英紙ガーディアンやフィナンシャルタイムズ(FT)などによると、現在広く使われている新型コロナのPCR検査で、他の株と区別できない「ステルス(stealth)」オミクロン株が登場した。各国の保健当局は、たいていPCR検査で新型コロナ遺伝子のうち一つ(スパイク遺伝子)が検出されなければ、オミクロン株である可能性が高いと判定してきた。これは世界保健機関(WHO)も認める方式で、各国が比較的迅速にオミクロン株の可能性の高い検体を選り分けるのに役立った。

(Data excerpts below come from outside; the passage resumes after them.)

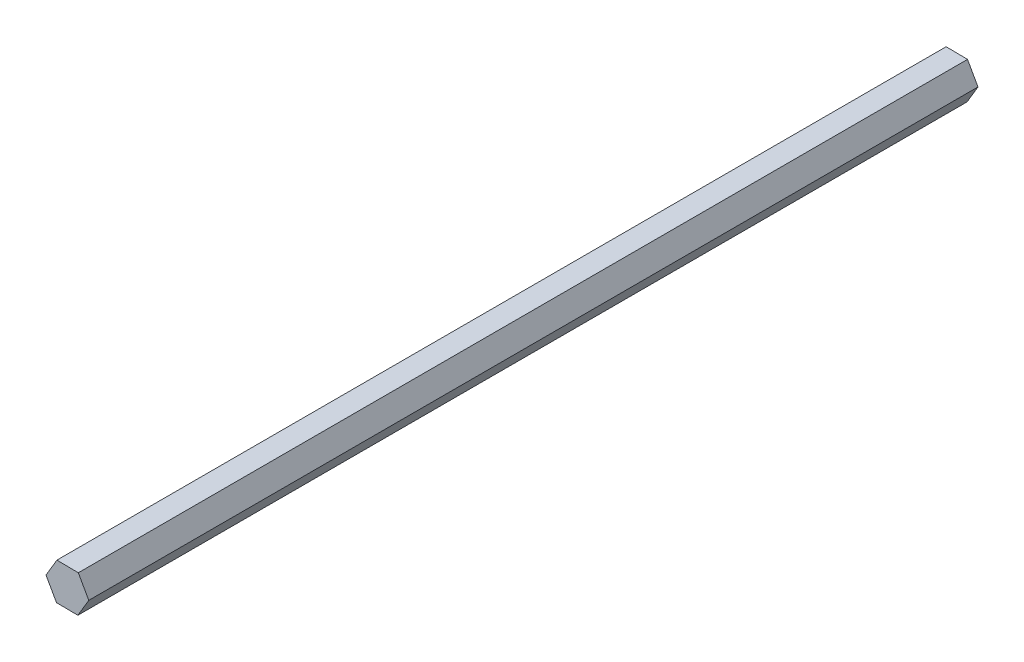
SolidWorks part; units mm, degrees
ref_plane "Front Plane" through (0, 0, 0) normal (0, 0, 1) x (1, 0, 0)
ref_plane "Top Plane" through (0, 0, 0) normal (0, 1, 0) x (1, 0, 0)
ref_plane "Right Plane" through (0, 0, 0) normal (1, 0, 0) x (0, 0, -1)
sketch "Sketch1" plane through (0, 0, 0) normal (0, 0, 1) x (1, 0, 0)
  line L1 (2.8069, 4.729) -> (-2.692, 4.7953)
  line L2 (-2.692, 4.7953) -> (-5.4989, 0.0663)
  line L3 (-5.4989, 0.0663) -> (-2.8069, -4.729)
  line L4 (-2.8069, -4.729) -> (2.692, -4.7953)
  line L5 (2.692, -4.7953) -> (5.4989, -0.0663)
  line L6 (5.4989, -0.0663) -> (2.8069, 4.729)
  circle A0 centre (0, 0) radius 4.7625 construction
  dimension "D1" = 9.525
extrude "Boss-Extrude1" add sketch "Sketch1" along normal blind 228.6
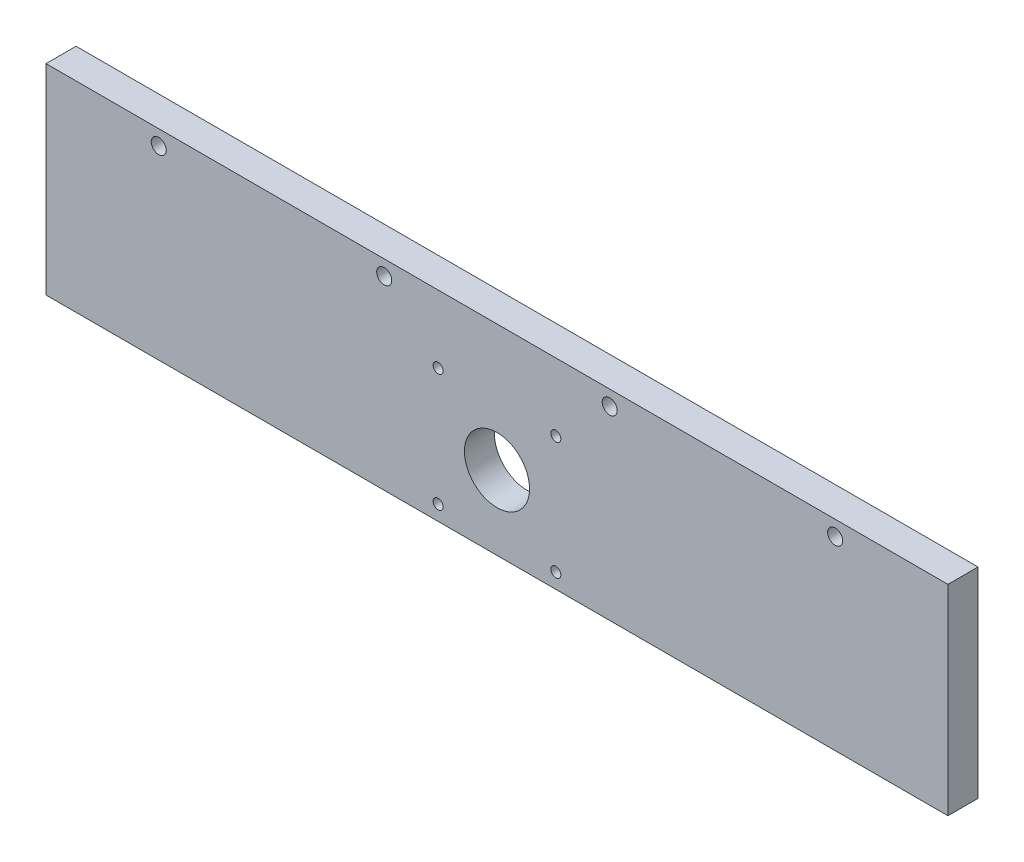
SolidWorks part; units mm, degrees
material "Beech"
ref_plane "Front Plane" through (0, 0, 0) normal (0, 0, 1) x (1, 0, 0)
ref_plane "Top Plane" through (0, 0, 0) normal (0, 1, 0) x (1, 0, 0)
ref_plane "Right Plane" through (0, 0, 0) normal (1, 0, 0) x (0, 0, -1)
sketch "Sketch1" plane through (0, 0, 0) normal (0, 0, 1) x (1, 0, 0)
  line L1 (-180, -40) -> (180, -40)
  line L2 (-180, -40) -> (-180, 40)
  line L3 (-180, 40) -> (180, 40)
  line L4 (180, -40) -> (180, 40)
  line L5 (-180, -40) -> (180, 40) construction
  line L6 (-180, 40) -> (180, -40) construction
  point P0 (0, 0)
extrude "Boss-Extrude1" add sketch "Sketch1" along normal blind 12
sketch "Sketch2" plane through (0, 0, 12) normal (0, 0, 1) x (1, 0, 0)
  line L0 (180, -40) -> (180, 40) construction
  line L1 (180, 40) -> (-180, 40) construction
  circle A0 centre (135, 34) radius 3
  dimension "D1" = 6
  dimension "D2" = 45
  dimension "D3" = 6
extrude "Cut-Extrude1" cut sketch "Sketch2" against normal up to next
pattern_linear "LPattern1" count 4 spacing 90 along (-1, 0, 0) of "Cut-Extrude1"
sketch "Sketch3" plane through (0, 0, 12) normal (0, 0, 1) x (1, 0, 0)
  line L0 (-180, -40) -> (180, -40) construction
  circle A0 centre (0, -10.5) radius 13
  dimension "D1" = 26
  dimension "D2" = 29.5
extrude "Cut-Extrude2" cut sketch "Sketch3" against normal up to next
sketch "Sketch4" plane through (0, 0, 12) normal (0, 0, 1) x (1, 0, 0)
  line L0 (0, 17.4189) -> (0, -17.4926) construction
  line L1 (-17.6695, 0) -> (16.7711, 0) construction
  circle A0 centre (-23.5, 13) radius 2
  circle A1 centre (0, -10.5) radius 13 construction
  circle A2 centre (-23.5, -34) radius 2
  dimension "D1" = 4
  dimension "D2" = 23.5
  dimension "D3" = 23.5
  dimension "D4" = 4
  dimension "D5" = 23.5
  dimension "D6" = 23.5
extrude "Cut-Extrude3" cut sketch "Sketch4" against normal up to next
mirror "Mirror2" about plane through (0, 0, 0) normal (1, 0, 0) of "Cut-Extrude3"
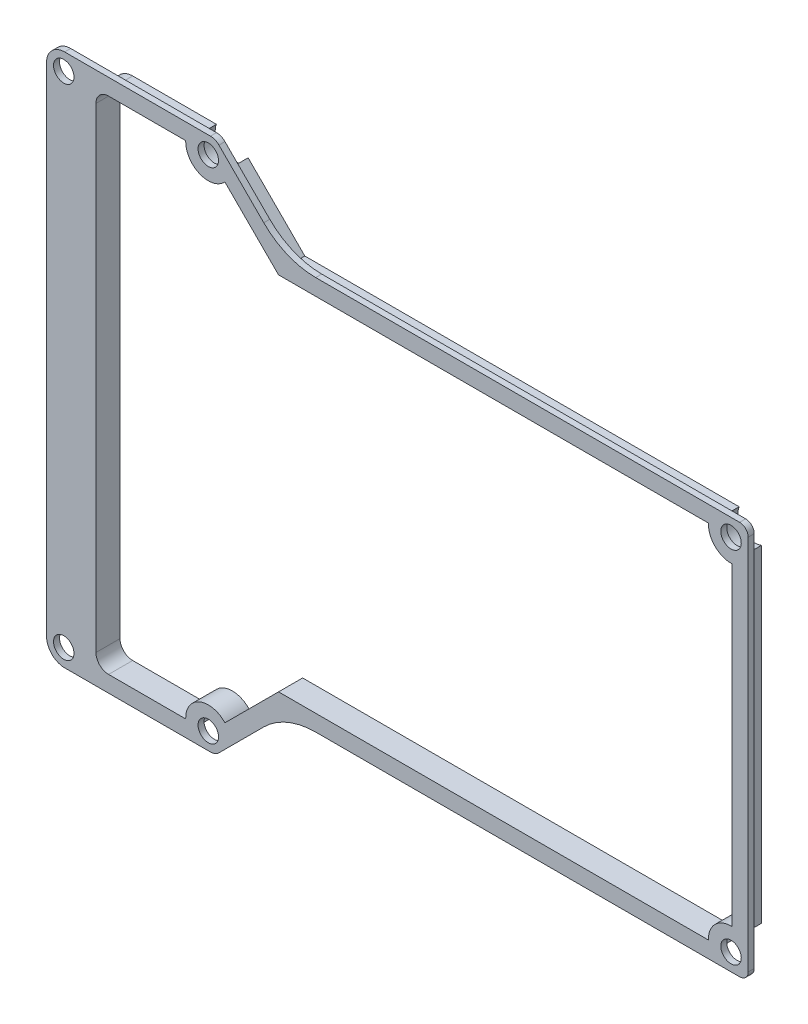
SolidWorks part; units mm, degrees
ref_plane "Front Plane" through (0, 0, 0) normal (0, 0, 1) x (1, 0, 0)
ref_plane "Top Plane" through (0, 0, 0) normal (0, 1, 0) x (1, 0, 0)
ref_plane "Right Plane" through (0, 0, 0) normal (1, 0, 0) x (0, 0, -1)
sketch "Sketch2" plane through (0, 0, 0) normal (0, 0, 1) x (1, 0, 0)
  line L8 (28.7801, -21.4985) -> (21.333, -14.0514)
  line L9 (107.834, -25.0706) -> (37.404, -25.0706)
  line L10 (109.259, -89.0386) -> (109.259, -26.4956)
  line L11 (37.409, -90.4636) -> (107.834, -90.4636)
  line L12 (21.333, -101.4878) -> (28.7851, -94.0357)
  line L13 (-4.3, -102.0736) -> (19.9188, -102.0736)
  line L14 (-7.3, -16.4656) -> (-7.3, -99.0736)
  line L15 (19.9188, -13.4656) -> (-4.3, -13.4656)
  line L16 (15.8154, -99.3696) -> (3, -99.3696)
  line L17 (31.2372, -87.7596) -> (22.3225, -96.6743)
  line L18 (102.656, -87.7596) -> (31.2372, -87.7596)
  line L19 (106.555, -83.8606) -> (106.555, -31.6736)
  line L20 (31.2322, -27.7746) -> (102.656, -27.7746)
  line L21 (22.3225, -18.8649) -> (31.2322, -27.7746)
  line L22 (0.9, -97.2696) -> (0.9, -18.2696)
  line L23 (3, -16.1696) -> (15.8154, -16.1696)
  circle A6 centre (106.406, -27.9236) radius 1.7
  circle A7 centre (19.5655, -16.3186) radius 1.7
  arc A8 (21.333, -14.0514) -> (19.9188, -13.4656) centre (19.9188, -15.4656) ccw
  arc A9 (28.7801, -21.4985) -> (37.404, -25.0706) centre (37.404, -12.8746) ccw
  arc A10 (109.259, -26.4956) -> (107.834, -25.0706) centre (107.834, -26.4956) ccw
  arc A11 (107.834, -90.4636) -> (109.259, -89.0386) centre (107.834, -89.0386) ccw
  arc A12 (37.409, -90.4636) -> (28.7851, -94.0357) centre (37.409, -102.6596) ccw
  arc A13 (19.9188, -102.0736) -> (21.333, -101.4878) centre (19.9188, -100.0736) ccw
  arc A14 (-7.3, -99.0736) -> (-4.3, -102.0736) centre (-4.3, -99.0736) ccw
  arc A15 (-4.3, -13.4656) -> (-7.3, -16.4656) centre (-4.3, -16.4656) ccw
  circle A16 centre (-4.447, -16.3186) radius 1.7
  circle A17 centre (-4.447, -99.2206) radius 1.7
  circle A18 centre (19.5655, -99.2206) radius 1.7
  circle A19 centre (106.406, -87.6106) radius 1.7
  arc A26 (0.9, -97.2696) -> (3, -99.3696) centre (3, -97.2696) ccw
  arc A27 (22.3225, -96.6743) -> (15.8154, -99.3696) centre (19.5655, -99.2206) ccw
  arc A28 (106.555, -83.8606) -> (102.656, -87.7596) centre (106.406, -87.6106) ccw
  arc A29 (102.656, -27.7746) -> (106.555, -31.6736) centre (106.406, -27.9236) ccw
  arc A30 (15.8154, -16.1696) -> (22.3225, -18.8649) centre (19.5655, -16.3186) ccw
  arc A31 (3, -16.1696) -> (0.9, -18.2696) centre (3, -18.2696) ccw
extrude "Boss-Extrude1" add sketch "Sketch2" along normal blind 1
sketch "Sketch3" plane through (0, 0, 0) normal (0, 0, 1) x (1, 0, 0)
  line L16 (31.605, -26.8746) -> (103.7528, -26.8746)
  line L17 (102.656, -27.7746) -> (31.2322, -27.7746)
  line L18 (107.455, -84.9574) -> (107.455, -30.5767)
  line L19 (106.555, -83.8606) -> (106.555, -31.6736)
  line L20 (103.7528, -88.6596) -> (31.61, -88.6596)
  line L21 (31.2372, -87.7596) -> (102.656, -87.7596)
  line L22 (31.61, -88.6596) -> (22.1833, -98.0863)
  line L23 (22.3225, -96.6743) -> (31.2372, -87.7596)
  line L24 (3, -99.3696) -> (15.8154, -99.3696)
  line L25 (16.9123, -100.2696) -> (3, -100.2696)
  line L26 (0, -97.2696) -> (0, -18.2696)
  line L27 (0.9, -18.2696) -> (0.9, -97.2696)
  line L28 (15.8154, -16.1696) -> (3, -16.1696)
  line L29 (31.2322, -27.7746) -> (22.3225, -18.8649)
  line L30 (22.1833, -17.4529) -> (31.605, -26.8746)
  line L31 (3, -15.2696) -> (16.9123, -15.2696)
  arc A12 (102.656, -27.7746) -> (106.555, -31.6736) centre (106.406, -27.9236) ccw
  arc A13 (103.7528, -26.8746) -> (107.455, -30.5767) centre (106.406, -27.9236) ccw
  arc A14 (106.555, -83.8606) -> (102.656, -87.7596) centre (106.406, -87.6106) ccw
  arc A15 (107.455, -84.9574) -> (103.7528, -88.6596) centre (106.406, -87.6106) ccw
  arc A16 (22.1833, -98.0863) -> (16.9123, -100.2696) centre (19.5655, -99.2206) ccw
  arc A17 (22.3225, -96.6743) -> (15.8154, -99.3696) centre (19.5655, -99.2206) ccw
  arc A18 (0, -97.2696) -> (3, -100.2696) centre (3, -97.2696) ccw
  arc A19 (0.9, -97.2696) -> (3, -99.3696) centre (3, -97.2696) ccw
  arc A20 (3, -16.1696) -> (0.9, -18.2696) centre (3, -18.2696) ccw
  arc A21 (3, -15.2696) -> (0, -18.2696) centre (3, -18.2696) ccw
  arc A22 (15.8154, -16.1696) -> (22.3225, -18.8649) centre (19.5655, -16.3186) ccw
  arc A23 (16.9123, -15.2696) -> (22.1833, -17.4529) centre (19.5655, -16.3186) ccw
extrude "Boss-Extrude2" add sketch "Sketch3" against normal blind 3
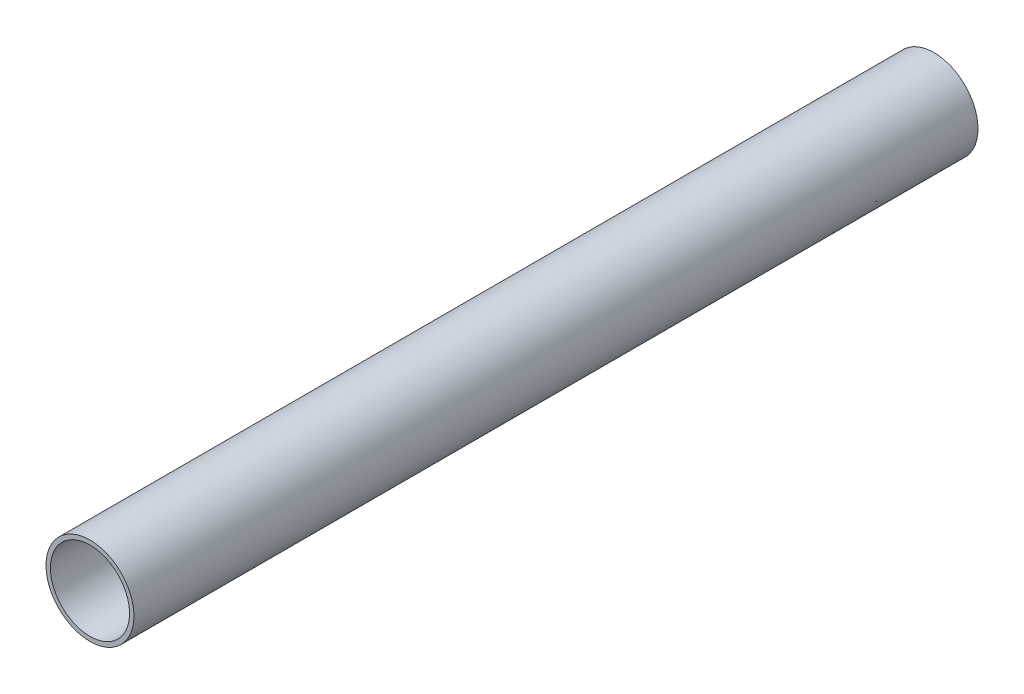
SolidWorks part; units mm, degrees
material "Galvanized Steel"
ref_plane "Front Plane" through (0, 0, 0) normal (0, 0, 1) x (1, 0, 0)
ref_plane "Top Plane" through (0, 0, 0) normal (0, 1, 0) x (1, 0, 0)
ref_plane "Right Plane" through (0, 0, 0) normal (1, 0, 0) x (0, 0, -1)
sketch "Sketch1" plane through (0, 0, 0) normal (0, 0, 1) x (1, 0, 0)
  circle A0 centre (0, 0) radius 15.875
  circle A1 centre (0, 0) radius 14.2875
  dimension "D1" = 1.5875
  dimension "D2" = 31.75
extrude "Boss-Extrude1" add sketch "Sketch1" along normal blind 914.4
sketch "Sketch2" plane through (0, 0, 0) normal (1, 0, 0) x (0, 0, -1)
  line L0 (-914.4, -15.875) -> (0, -15.875) construction
  line L1 (-914.4, 15.875) -> (-304.8, 15.875)
  line L2 (-914.4, 15.875) -> (-914.4, -15.875)
  line L3 (-914.4, -15.875) -> (-304.8, -15.875)
  line L4 (-304.8, 15.875) -> (-304.8, -15.875)
  dimension "D1" = 304.8
extrude "Cut-Extrude1" cut sketch "Sketch2" against normal through all and the other way through all

しかし報道によると、この「ステルス」オミクロン株はこうした特性がなく、PCR検査で従来の株と差別化されない。この株がオミクロン株かどうかを確認するためには、ヒト全ゲノムシーケンス解析検査などをしなければならないが、時間がかかるだけでなく、新型コロナの陽性検体すべてに対して行うのは現実的に容易でないという問題がある。特に貧国の場合にはステルス・オミクロン株が拡散すれば、追跡が非常に難しくなるものと予想される。英インペリアル・カレッジ・ロンドンのウイルス遺伝学者、ポール・ケラム教授は、「オミクロン株の判定をスパイク遺伝子検出の可否(PCR検査)だけに依存している国は、この株の拡散を追跡するのに難航するだろう」と語った。

ステルス・オミクロン株は、南アフリカと豪州、カナダの感染事例の7件以上で発見された。まだ伝播力や重症誘発程度、ワクチン免疫回避の有無などについては明らかにされていない。一部の科学者らは、既存のオミクロン株を「BA.1」、ステルスオミクロン株を「BA.2」に区別しようと提案した。英ユニバーシティ・カレッジ・ロンドン遺伝学研究所のフランソワ・バル教授は、「『BA.1』と『BA.2』は遺伝的にかなり変化したもので、互いに違う行動をすることができる」と語った。